If rigorous scholarship and responsible, objective archaeology confirm a link between Tall el-Hammam and Sodom (or between Tall Nimrin and Admah) or other possible biblical associations, then so be it. If the same approach suggests that some such connections are not warranted, then so be it. But we must not hide from the possibilities because of bias one way or the other. As A. J. Ayer's verification principle requires of any assertion, we must state clearly the criteria whereby any hypothesis can be verified and/or falsified, then follow the evidence wherever it leads. This is the strict method of science.
On the one hand, it is intellectually dishonest to dismiss the Bible as a site-selection parameter. There is no doubt that the Bible remains one of the best ancient geographical texts available to archaeologists and historians. And particular interest is generated in certain sites because of potential biblical connections. This is reality.

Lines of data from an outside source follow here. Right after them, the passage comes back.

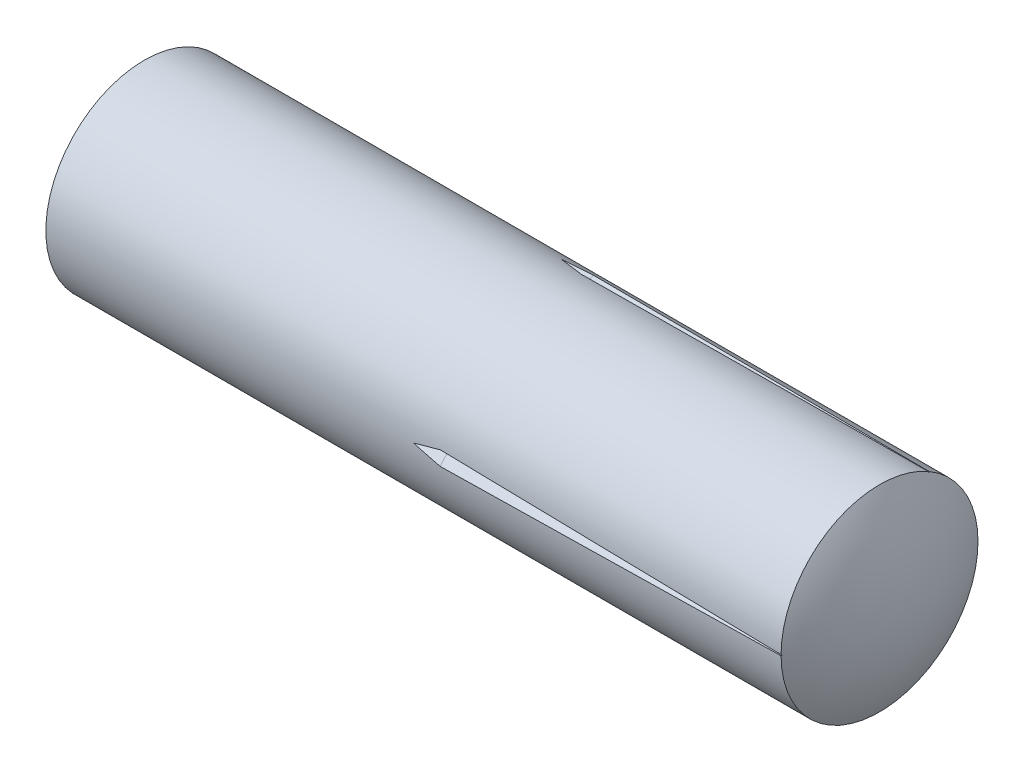
from build123d import *

# Parameters (mm, degrees)
CIRPATTERN1_COUNT = 3


with BuildPart() as part:
    # Sketch1 → Base-Revolve (revolve)
    with BuildSketch(Plane.XY):
        with BuildLine():
            Line((-50, 0), (-50, 1.25))
            ThreePointArc((-50, 1.25), (-49.010050505, 7.072345027), (-46.68190465, 12.5))
            Line((-46.68190465, 12.5), (46.650635095, 12.5))
            ThreePointArc((46.650635095, 12.5), (49.148145657, 6.470476128), (50, 0))
            Line((50, 0), (-50, 0))
        make_face()
    revolve(axis=Axis((-57, 0, 0), (1, 0, 0)))

    # Cut-Sweep1: sweep along a path in Sketch3
    with BuildLine(Plane(origin=(0, 0, 0), x_dir=(1, 0, 0), z_dir=(0, 1, 0))) as cut_sweep1_path:
        Line((0, -12.5), (3.125, -11.25))
        Line((3.125, -11.25), (50, -12.5))
    # Sketch2 → Cut-Sweep1 (sweep, cut)
    with BuildSketch(Plane(origin=(0, 0, 0), x_dir=(0, 0, -1), z_dir=(1, 0, 0))):
        Polygon((-12.5, 0), (-14.378358908, 1.315241067), (-14.378358908, -1.315241067), align=None)
    cut_sweep1 = sweep(path=cut_sweep1_path.line, transition=Transition.RIGHT, mode=Mode.SUBTRACT)

    # CirPattern1: Cut-Sweep1 ×3 about axis
    cirpattern1_axis = Axis((-57, 0, 0), (1, 0, 0))
    for i in range(1, CIRPATTERN1_COUNT):
        add(cut_sweep1.rotate(cirpattern1_axis, i * 360 / CIRPATTERN1_COUNT), mode=Mode.SUBTRACT)


solid = part.part

On the other hand, doing archaeology solely from a biblical perspective can mean missing the larger reality of Near Eastern cultural milieus. A biblical (hermeneutical) bias might possibly influence the interpretation of data which, ironically, could otherwise be used to illumine the biblical narrative itself. In all archaeological endeavors, what we must strive for is objectivity. Indeed, sites with no clear biblical connection are just as important for determining the history of the region. Archaeological importance should never be equated with biblical importance. A careful assessment of all evidential avenues is the only reasonable approach to archaeology.
With the importance of empirical investigation understood, the pragmatic perspective makes the probable link between biblical Sodom and Tall el-Hammam a significant factor. At any rate, we would be irresponsible not to investigate such potential connections.